Freiwillig können Grundschulen nach dem Entwurf schon am 1. August 2012 mit dem gemeinsamen Unterricht von behinderten und nichtbehinderten Kindern beginnen. CDU und Liberale betonten, dass die Inklusionin Niedersachsen nicht bei Null beginne. So unterrichten bereits Sonderpädagogen an 35 Prozent der Grundschulen. Die Zahl der Integrationsklassen stieg demnach in den vergangenen acht Jahren von 230 auf mehr als 400 Klassen.

Neu ist nun ein Punkt, auf den Eltern lange gewartet haben.
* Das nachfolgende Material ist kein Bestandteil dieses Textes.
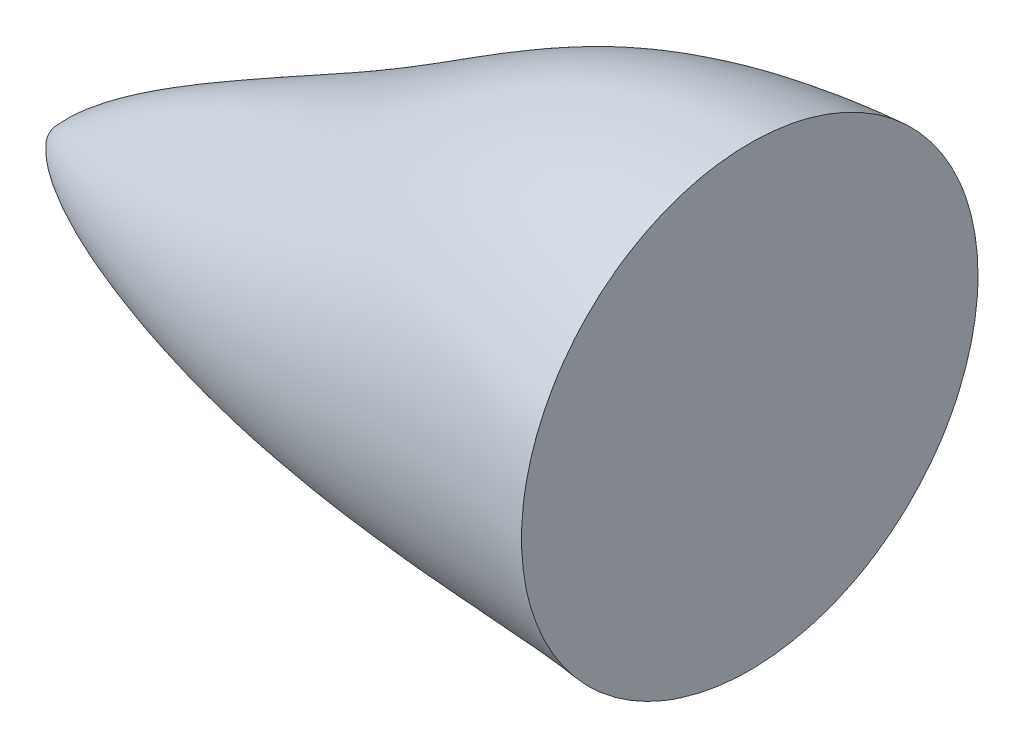
ISO-10303-21;
HEADER;
FILE_DESCRIPTION(('STEP AP214'),'2;1');
FILE_NAME('part.step','',(''),(''),'','','');
FILE_SCHEMA(('AUTOMOTIVE_DESIGN { 1 0 10303 214 1 1 1 1 }'));
ENDSEC;
DATA;
#1=APPLICATION_CONTEXT('core data for automotive mechanical design processes');
#2=APPLICATION_PROTOCOL_DEFINITION('international standard','automotive_design',2000,#1);
#3=PRODUCT_CONTEXT('',#1,'mechanical');
#4=PRODUCT('Part','Part','',(#3));
#5=PRODUCT_RELATED_PRODUCT_CATEGORY('part','',(#4));
#6=PRODUCT_DEFINITION_FORMATION('','',#4);
#7=PRODUCT_DEFINITION_CONTEXT('part definition',#1,'design');
#8=PRODUCT_DEFINITION('design','',#6,#7);
#9=PRODUCT_DEFINITION_SHAPE('','',#8);
#10=(LENGTH_UNIT() NAMED_UNIT(*) SI_UNIT(.MILLI.,.METRE.));
#11=(NAMED_UNIT(*) PLANE_ANGLE_UNIT() SI_UNIT($,.RADIAN.));
#12=(NAMED_UNIT(*) SI_UNIT($,.STERADIAN.) SOLID_ANGLE_UNIT());
#13=UNCERTAINTY_MEASURE_WITH_UNIT(LENGTH_MEASURE(1.E-05),#10,'distance_accuracy_value','');
#14=(GEOMETRIC_REPRESENTATION_CONTEXT(3) GLOBAL_UNCERTAINTY_ASSIGNED_CONTEXT((#13)) GLOBAL_UNIT_ASSIGNED_CONTEXT((#10,
#11,#12)) REPRESENTATION_CONTEXT('',''));
#15=CARTESIAN_POINT('',(0.,0.,0.));
#16=DIRECTION('',(0.,0.,1.));
#17=DIRECTION('',(1.,0.,0.));
#18=AXIS2_PLACEMENT_3D('',#15,#16,#17);
#19=CARTESIAN_POINT('',(252.505080353612,41.444975046652,-0.0242900524774977));
#20=DIRECTION('',(1.,0.,0.));
#21=DIRECTION('',(0.,0.,-1.));
#22=AXIS2_PLACEMENT_3D('',#19,#20,#21);
#23=PLANE('',#22);
#24=CARTESIAN_POINT('',(252.505080353612,41.444975046652,-0.0242900524774977));
#25=DIRECTION('',(1.,0.,0.));
#26=DIRECTION('',(0.,0.,-1.));
#27=AXIS2_PLACEMENT_3D('',#24,#25,#26);
#28=CIRCLE('',#27,80.2554933957984);
#29=CARTESIAN_POINT('',(252.505080353612,41.444975046652,-80.2797834482759));
#30=VERTEX_POINT('',#29);
#31=EDGE_CURVE('E12',#30,#30,#28,.T.);
#32=ORIENTED_EDGE('',*,*,#31,.T.);
#33=EDGE_LOOP('',(#32));
#34=FACE_BOUND('',#33,.T.);
#35=ADVANCED_FACE('F133',(#34),#23,.T.);
#36=CARTESIAN_POINT('',(14.0004930090321,1.55127443899315,-0.0242900524774881));
#37=DIRECTION('',(0.,0.,1.));
#38=DIRECTION('',(1.,0.,0.));
#39=AXIS2_PLACEMENT_3D('',#36,#37,#38);
#40=SPHERICAL_SURFACE('',#39,6.4149126554202);
#41=CARTESIAN_POINT('',(8.79208035361189,5.29607643476394,-0.0242900526618124));
#42=CARTESIAN_POINT('',(8.79208035361189,5.29607643476394,0.207305923801027));
#43=CARTESIAN_POINT('',(8.79208035361189,5.25264392995722,0.672071970209962));
#44=CARTESIAN_POINT('',(8.79208035361189,5.05907018495237,1.34952014911492));
#45=CARTESIAN_POINT('',(8.79208035361189,4.7389439787782,1.98284426504728));
#46=CARTESIAN_POINT('',(8.79208035361189,4.30350541356575,2.54901666698464));
#47=CARTESIAN_POINT('',(8.79208035361189,3.7639945914461,3.02500970390461));
#48=CARTESIAN_POINT('',(8.79208035361189,3.14013352681816,3.39289606316121));
#49=CARTESIAN_POINT('',(8.79208035361189,2.45164423408082,3.63474843210848));
#50=CARTESIAN_POINT('',(8.79208035361189,1.7246318865398,3.74093525600894));
#51=CARTESIAN_POINT('',(8.79208035361189,0.985201657500788,3.70182498012511));
#52=CARTESIAN_POINT('',(8.79208035361189,0.262431618430225,3.51851168750138));
#53=CARTESIAN_POINT('',(8.79208035361189,-0.414600159205438,3.19208946118217));
#54=CARTESIAN_POINT('',(8.79208035361189,-1.01834135006838,2.73532466143962));
#55=CARTESIAN_POINT('',(8.79208035361189,-1.52123962882078,2.16098364854588));
#56=CARTESIAN_POINT('',(8.79208035361189,-1.90181182807983,1.49271054716355));
#57=CARTESIAN_POINT('',(8.79208035361189,-2.13857478046271,0.754149481955265));
#58=CARTESIAN_POINT('',(8.79208035361189,-2.19352755677765,0.235978873552011));
#59=CARTESIAN_POINT('',(8.79208035361189,-2.19352755677765,-0.131666199893094));
#60=CARTESIAN_POINT('',(8.79208035361189,-2.18431323087303,-0.351624013182471));
#61=CARTESIAN_POINT('',(8.79208035361189,-2.13882265346838,-0.694097399983987));
#62=CARTESIAN_POINT('',(8.79208035361189,-2.05763687668219,-1.04602756514592));
#63=CARTESIAN_POINT('',(8.79208035361189,-1.89824610496449,-1.51994789294096));
#64=CARTESIAN_POINT('',(8.79208035361189,-1.59645912876083,-2.10625676020547));
#65=CARTESIAN_POINT('',(8.79208035361189,-1.07482462322609,-2.73486082252649));
#66=CARTESIAN_POINT('',(8.79208035361189,-0.440461498602304,-3.22815136226369));
#67=CARTESIAN_POINT('',(8.79208035361189,0.132552549983909,-3.5044893635251));
#68=CARTESIAN_POINT('',(8.79208035361189,0.585240357892667,-3.64795785868511));
#69=CARTESIAN_POINT('',(8.79208035361189,0.918625788228482,-3.7202835226138));
#70=CARTESIAN_POINT('',(8.79208035361189,1.2426120828529,-3.76085872458442));
#71=CARTESIAN_POINT('',(8.79208035361189,1.45015771538447,-3.76909204824829));
#72=CARTESIAN_POINT('',(8.79208035361189,1.83923442354722,-3.76909204824829));
#73=CARTESIAN_POINT('',(8.79208035361189,2.24240224192039,-3.72057843206245));
#74=CARTESIAN_POINT('',(8.79208035361189,2.7314976301406,-3.58471430635205));
#75=CARTESIAN_POINT('',(8.79208035361189,3.07522602557911,-3.45097329876752));
#76=CARTESIAN_POINT('',(8.79208035361189,3.39699898103635,-3.28913611664418));
#77=CARTESIAN_POINT('',(8.79208035361189,3.69649676759718,-3.1008397258113));
#78=CARTESIAN_POINT('',(8.79208035361189,3.97339965634645,-2.88772109209817));
#79=CARTESIAN_POINT('',(8.79208035361189,4.22738791836901,-2.6514171813341));
#80=CARTESIAN_POINT('',(8.79208035361189,4.45814182474972,-2.39356495934836));
#81=CARTESIAN_POINT('',(8.79208035361189,4.66454621770773,-2.11481001349433));
#82=CARTESIAN_POINT('',(8.79208035361189,4.84548593946219,-1.81579793112538));
#83=CARTESIAN_POINT('',(8.79208035361189,4.99984583223226,-1.49717429959488));
#84=CARTESIAN_POINT('',(8.79208035361189,5.12651073823709,-1.15958470625621));
#85=CARTESIAN_POINT('',(8.79208035361189,5.25351522183546,-0.683481160733875));
#86=CARTESIAN_POINT('',(8.79208035361189,5.29607643476394,-0.296388246895156));
#87=CARTESIAN_POINT('',(8.79208035361189,5.29607643476394,-0.0242900526618124));
#88=B_SPLINE_CURVE_WITH_KNOTS('',3,(#41,#42,#43,#44,#45,#46,#47,#48,#49,#50,#51,#52,#53,#54,#55,
#56,#57,#58,#59,#60,#61,#62,#63,#64,#65,#66,#67,#68,#69,#70,#71,#72,#73,#74,#75,#76,#77,#78,#79,
#80,#81,#82,#83,#84,#85,#86,#87),.UNSPECIFIED.,.T.,.F.,(4,1,1,1,1,1,1,1,1,1,1,1,1,1,1,1,2,1,1,1,
1,1,1,1,1,1,1,1,2,1,1,1,1,1,1,1,1,1,1,1,1,1,4),(0.,0.03125,0.0625,0.09375,0.125,0.15625,0.1875,
0.21875,0.25,0.28125,0.3125,0.34375,0.375,0.40625,0.4375,0.46875,0.5,0.512892451868856,
0.525784903737711,0.538677355606566,0.551569807475422,0.577354711213133,0.603139614950844,
0.628924518688555,0.654709422426266,0.667601874295122,0.680494326163977,0.693386778032833,
0.706279229901688,0.742994326163977,0.761351874295122,0.779709422426266,0.798066970557411,
0.816424518688555,0.8347820668197,0.853139614950844,0.871497163081989,0.889854711213133,
0.908212259344278,0.926569807475422,0.944927355606566,0.963284903737711,1.),.UNSPECIFIED.);
#89=CARTESIAN_POINT('',(8.79208035361189,1.55127443899315,-3.76909204824828));
#90=VERTEX_POINT('',#89);
#91=EDGE_CURVE('E143',#90,#90,#88,.T.);
#92=ORIENTED_EDGE('',*,*,#91,.F.);
#93=EDGE_LOOP('',(#92));
#94=FACE_BOUND('',#93,.T.);
#95=ADVANCED_FACE('F135',(#94),#40,.T.);
#96=CARTESIAN_POINT('',(8.79208035361189,5.29607643476394,-0.0242900526618124));
#97=CARTESIAN_POINT('',(22.0368216485564,20.1589542808384,-0.0242900524774881));
#98=CARTESIAN_POINT('',(54.6969178632129,39.2214785691004,-0.0242900524774881));
#99=CARTESIAN_POINT('',(91.0414597487698,56.8834706932842,-0.0242900524774881));
#100=CARTESIAN_POINT('',(106.021679072452,65.2347902173201,-0.0242900524774881));
#101=CARTESIAN_POINT('',(113.387790407563,69.4475607139392,-0.0242900524774881));
#102=CARTESIAN_POINT('',(128.983395481641,78.9700152689198,-0.0242900524774881));
#103=CARTESIAN_POINT('',(168.821290164312,104.734654201333,-0.0242900524774881));
#104=CARTESIAN_POINT('',(207.221534267085,121.81733907754,-0.0242900524774881));
#105=CARTESIAN_POINT('',(252.505080353612,121.70046844245,-0.0242900501067162));
#106=CARTESIAN_POINT('',(8.79208035361189,5.29607643476394,0.207305923801027));
#107=CARTESIAN_POINT('',(22.0368216485564,20.1589542808384,0.856432173165849));
#108=CARTESIAN_POINT('',(54.6969178632129,39.2214785691004,1.91126232808416));
#109=CARTESIAN_POINT('',(91.0414597487698,56.8834706932842,2.83414136751602));
#110=CARTESIAN_POINT('',(106.021679072452,65.2347902173201,3.20018250892833));
#111=CARTESIAN_POINT('',(113.387790407563,69.4475607139392,3.37855678942398));
#112=CARTESIAN_POINT('',(128.983395481641,78.9700152689198,3.7471938365309));
#113=CARTESIAN_POINT('',(168.821290164312,104.734654201333,4.60277571386178));
#114=CARTESIAN_POINT('',(207.221534267085,121.81733907754,5.10806134963034));
#115=CARTESIAN_POINT('',(252.505080353612,121.70046844245,5.48702557882752));
#116=CARTESIAN_POINT('',(8.79208035361189,5.25264392995722,0.672071970209962));
#117=CARTESIAN_POINT('',(21.9745662186552,19.9721168974318,2.6193077508435));
#118=CARTESIAN_POINT('',(54.6017836578803,38.839515431797,5.78356589407439));
#119=CARTESIAN_POINT('',(91.0036213619518,56.3242085306763,8.55021189977591));
#120=CARTESIAN_POINT('',(106.023486505561,64.5957796751024,9.64691381559775));
#121=CARTESIAN_POINT('',(113.410585249944,68.7686826622384,10.1812753535273));
#122=CARTESIAN_POINT('',(129.058063982592,78.2033052992709,11.2852158138743));
#123=CARTESIAN_POINT('',(169.044536058193,103.740318396779,13.8450581880084));
#124=CARTESIAN_POINT('',(207.471584337231,120.684102269237,15.3520020720883));
#125=CARTESIAN_POINT('',(252.505080353612,120.561344174218,16.4822099874981));
#126=CARTESIAN_POINT('',(8.79208035361189,5.05907018495237,1.34952014911492));
#127=CARTESIAN_POINT('',(21.7177625703131,19.1458042609468,5.16887569790878));
#128=CARTESIAN_POINT('',(54.2093550608844,37.141369188698,11.375328464404));
#129=CARTESIAN_POINT('',(90.847538016329,53.8389015665697,16.791644388973));
#130=CARTESIAN_POINT('',(106.030942167136,61.7603545291913,18.9350541057037));
#131=CARTESIAN_POINT('',(113.504613974767,65.758600566734,19.9790240815795));
#132=CARTESIAN_POINT('',(129.366071549019,74.8104438102853,22.1334862261693));
#133=CARTESIAN_POINT('',(169.965425370454,99.3645857461761,27.1159234827189));
#134=CARTESIAN_POINT('',(208.503040876579,115.716944613887,30.0212146350584));
#135=CARTESIAN_POINT('',(252.505080353611,115.556056973447,32.2001830015763));
#136=CARTESIAN_POINT('',(8.79208035361189,4.7389439787782,1.98284426504728));
#137=CARTESIAN_POINT('',(21.3208842046931,17.803734327545,7.52735170795148));
#138=CARTESIAN_POINT('',(53.6028745018897,34.3802989317061,16.5371763023818));
#139=CARTESIAN_POINT('',(90.6063183003653,49.8034119777684,24.3828097334953));
#140=CARTESIAN_POINT('',(106.042464553206,57.1624923900701,27.481498947623));
#141=CARTESIAN_POINT('',(113.649931094945,60.8806265314003,28.9900861943824));
#142=CARTESIAN_POINT('',(129.842083242587,69.3209062695076,32.0995545224449));
#143=CARTESIAN_POINT('',(171.388617943947,92.3158643082401,39.2680423606834));
#144=CARTESIAN_POINT('',(210.097110073756,107.7433465084,43.4011344208346));
#145=CARTESIAN_POINT('',(252.505080353612,107.51538923442,46.5009534680777));
#146=CARTESIAN_POINT('',(8.79208035361189,4.30350541356575,2.54901666698464));
#147=CARTESIAN_POINT('',(20.8072769080087,15.9978537914122,9.60531987309426));
#148=CARTESIAN_POINT('',(52.8180173078974,30.6601843769101,21.071812582741));
#149=CARTESIAN_POINT('',(90.294151609119,44.373658694234,31.0318570428224));
#150=CARTESIAN_POINT('',(106.057375876356,50.9837483186931,34.9568350666284));
#151=CARTESIAN_POINT('',(113.83798854459,54.3293439916712,36.8667375638911));
#152=CARTESIAN_POINT('',(130.458098375439,61.959159926574,40.7978170810524));
#153=CARTESIAN_POINT('',(173.230396568468,82.9022816209228,49.8276762584372));
#154=CARTESIAN_POINT('',(212.160023152453,97.1337031660424,54.9655175050415));
#155=CARTESIAN_POINT('',(252.505080353611,96.819578817059,58.8188984419516));
#156=CARTESIAN_POINT('',(8.79208035361189,3.7639945914461,3.02500970390461));
#157=CARTESIAN_POINT('',(20.2002864664724,13.7935534216604,11.3218793793662));
#158=CARTESIAN_POINT('',(51.890458805906,26.1201959370805,24.8042926017187));
#159=CARTESIAN_POINT('',(89.9252273376458,37.7594174314587,36.4832448767874));
#160=CARTESIAN_POINT('',(106.074998349169,43.466704484781,41.0741486897068));
#161=CARTESIAN_POINT('',(114.060238257805,46.3638366251744,43.3068410406453));
#162=CARTESIAN_POINT('',(131.18611625972,53.021228302599,47.8950494037268));
#163=CARTESIAN_POINT('',(175.407044033811,71.5191844664792,58.3916418336382));
#164=CARTESIAN_POINT('',(214.59801133637,84.3533977163556,64.2744170419421));
#165=CARTESIAN_POINT('',(252.505080353612,83.9496780015402,68.6864984499226));
#166=CARTESIAN_POINT('',(8.79208035361189,3.14013352681816,3.39289606316121));
#167=CARTESIAN_POINT('',(19.5232586662973,11.2740905819311,12.6110431849215));
#168=CARTESIAN_POINT('',(50.8558743229156,20.932620728193,27.5905322575194));
#169=CARTESIAN_POINT('',(89.5137348810024,30.2162907314106,40.528123984819));
#170=CARTESIAN_POINT('',(106.09465418423,34.9045876543897,45.6001616987292));
#171=CARTESIAN_POINT('',(114.308132168699,37.2961561776547,48.0653508392501));
#172=CARTESIAN_POINT('',(131.998136207571,42.8607642616786,53.122677814462));
#173=CARTESIAN_POINT('',(177.83484312977,58.6295436178635,64.6414005194024));
#174=CARTESIAN_POINT('',(217.317305849199,69.9396294669143,70.9894231578317));
#175=CARTESIAN_POINT('',(252.505080353612,69.4616993865726,75.7504401381783));
#176=CARTESIAN_POINT('',(8.79208035361189,2.45164423408082,3.63474843210848));
#177=CARTESIAN_POINT('',(18.7995392936966,8.53188433890053,13.419902175697));
#178=CARTESIAN_POINT('',(49.7499391859264,15.2937953366884,29.3207770087766));
#179=CARTESIAN_POINT('',(89.0738636342463,22.035337088769,43.0117200673144));
#180=CARTESIAN_POINT('',(106.115665594123,25.6300326091471,48.3639096767347));
#181=CARTESIAN_POINT('',(114.573122211379,27.4796261643819,50.9635938776696));
#182=CARTESIAN_POINT('',(132.866157531137,31.8761843684211,56.2871459336486));
#183=CARTESIAN_POINT('',(180.430076646141,44.7470887271925,68.3549957624447));
#184=CARTESIAN_POINT('',(220.224137914637,54.479517987699,74.8845602050128));
#185=CARTESIAN_POINT('',(252.505080353612,53.9609468707034,79.7817335382199));
#186=CARTESIAN_POINT('',(8.79208035361189,1.7246318865398,3.74093525600894));
#187=CARTESIAN_POINT('',(18.0524741348827,5.67061251827797,13.7165056552835));
#188=CARTESIAN_POINT('',(48.608328721937,9.41923795824644,29.926807553864));
#189=CARTESIAN_POINT('',(88.6198029924329,13.5321651642088,43.8399058491239));
#190=CARTESIAN_POINT('',(106.137354791431,16.0018012344426,49.2630474058589));
#191=CARTESIAN_POINT('',(114.846660319952,17.2944056824115,51.8954437133567));
#192=CARTESIAN_POINT('',(133.762179542559,20.4938575366789,57.2758071193624));
#193=CARTESIAN_POINT('',(183.109027372717,30.4140569968097,69.4122358357684));
#194=CARTESIAN_POINT('',(223.22473875638,38.5847898259359,75.8509336056077));
#195=CARTESIAN_POINT('',(252.505080353612,38.0744058999903,80.6799569340167));
#196=CARTESIAN_POINT('',(8.79208035361189,0.985201657500788,3.70182498012511));
#197=CARTESIAN_POINT('',(17.3054089760688,2.79741064494501,13.4845744022803));
#198=CARTESIAN_POINT('',(47.4667182579476,3.53354324887389,29.3815422130528));
#199=CARTESIAN_POINT('',(88.1657423506196,5.0342693293441,42.9819434378197));
#200=CARTESIAN_POINT('',(106.159043988739,6.39091093189193,48.2674345922908));
#201=CARTESIAN_POINT('',(115.120198428525,7.13300872962664,50.8312735959864));
#202=CARTESIAN_POINT('',(134.65820155398,9.15224479152814,56.0613838073754));
#203=CARTESIAN_POINT('',(185.787978099293,16.1814230186761,67.7988458573003));
#204=CARTESIAN_POINT('',(226.225339598123,22.86822923764,73.8976228171726));
#205=CARTESIAN_POINT('',(252.505080353612,22.4243598686579,78.471705537855));
#206=CARTESIAN_POINT('',(8.79208035361189,0.262431618430225,3.51851168750138));
#207=CARTESIAN_POINT('',(16.581689603468,0.0219920557761141,12.7320585502368));
#208=CARTESIAN_POINT('',(46.3607831209584,-2.1367583384523,27.7040722019627));
#209=CARTESIAN_POINT('',(87.7258711038635,-3.13137160817288,40.4724453133659));
#210=CARTESIAN_POINT('',(106.180055398633,-2.83377649201879,45.4198802149974));
#211=CARTESIAN_POINT('',(115.385188471205,-2.61507798820823,47.8181082333009));
#212=CARTESIAN_POINT('',(135.526222877546,-1.71544158460178,52.7008963211129));
#213=CARTESIAN_POINT('',(188.383211615663,2.58729472142365,63.6025681970041));
#214=CARTESIAN_POINT('',(229.132171663561,7.92014334996818,69.1461321067786));
#215=CARTESIAN_POINT('',(252.505080353611,7.60340719292589,73.3038050396439));
#216=CARTESIAN_POINT('',(8.79208035361189,-0.414600159205438,3.19208946118217));
#217=CARTESIAN_POINT('',(15.9046618032929,-2.54877482529745,11.4827839812719));
#218=CARTESIAN_POINT('',(45.3261986379679,-7.37260424723108,24.9551625762086));
#219=CARTESIAN_POINT('',(87.31437864722,-10.6511351541591,36.4089628762583));
#220=CARTESIAN_POINT('',(106.199711233693,-11.319742585418,40.8341050784654));
#221=CARTESIAN_POINT('',(115.633082382099,-11.5782374619175,42.9777193069627));
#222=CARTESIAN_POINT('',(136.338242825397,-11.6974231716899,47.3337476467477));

Bisher konnte ihren Kindern der Besuch der regulären Schule verweigert werden - etwa mit dem Hinweis darauf, dass für die Integration eines beeinträchtigten Schülers geeignete Lehrer fehlten.

Im Jahr 2013 soll es nun in jeder Kommune mindestens eine inklusiveSchule geben. 2018 sollen dann an allen Schulen selbstverständlich behinderte und nichtbehinderte Kinder gemeinsam unterrichtet werden, wie es eine UN-Konvention fordert.

Kultusminister Bernd Althusmann (CDU) sagte: "Es ist eine riesige Investition in Bildung." Knapp 1000 Lehrerstellen sollen geschaffen werden, die Kosten belaufen sich auf knapp 45 Millionen Euro.

Die IGS Roderbruch in Hannover besuchen etwa 60 Schüler mit Handicap, davon etwa zehn Rollstuhlfahrer. "Es tut allen Kindern gut. Man lernt Rücksichtnahme", sagte die Ergotherapeutin Undine Bruns.

Die 15-jährige Maike Schwuchow, die wegen einer Glasknochenkrankheit im Rollstuhl sitzt, fühlt sich wohl an der barrierefreien Schule. Manche beeinträchtigte Kinder seien allerdings an der IGS mit ihren 1900 Schülern überfordert, sagte Therapeutin Bruns. Es gehe immer darum, für das einzelne Kind zu entscheiden. Deshalb sei der Erhalt der Förderschulen, wie ihn das Gesetz vorsieht, sinnvoll.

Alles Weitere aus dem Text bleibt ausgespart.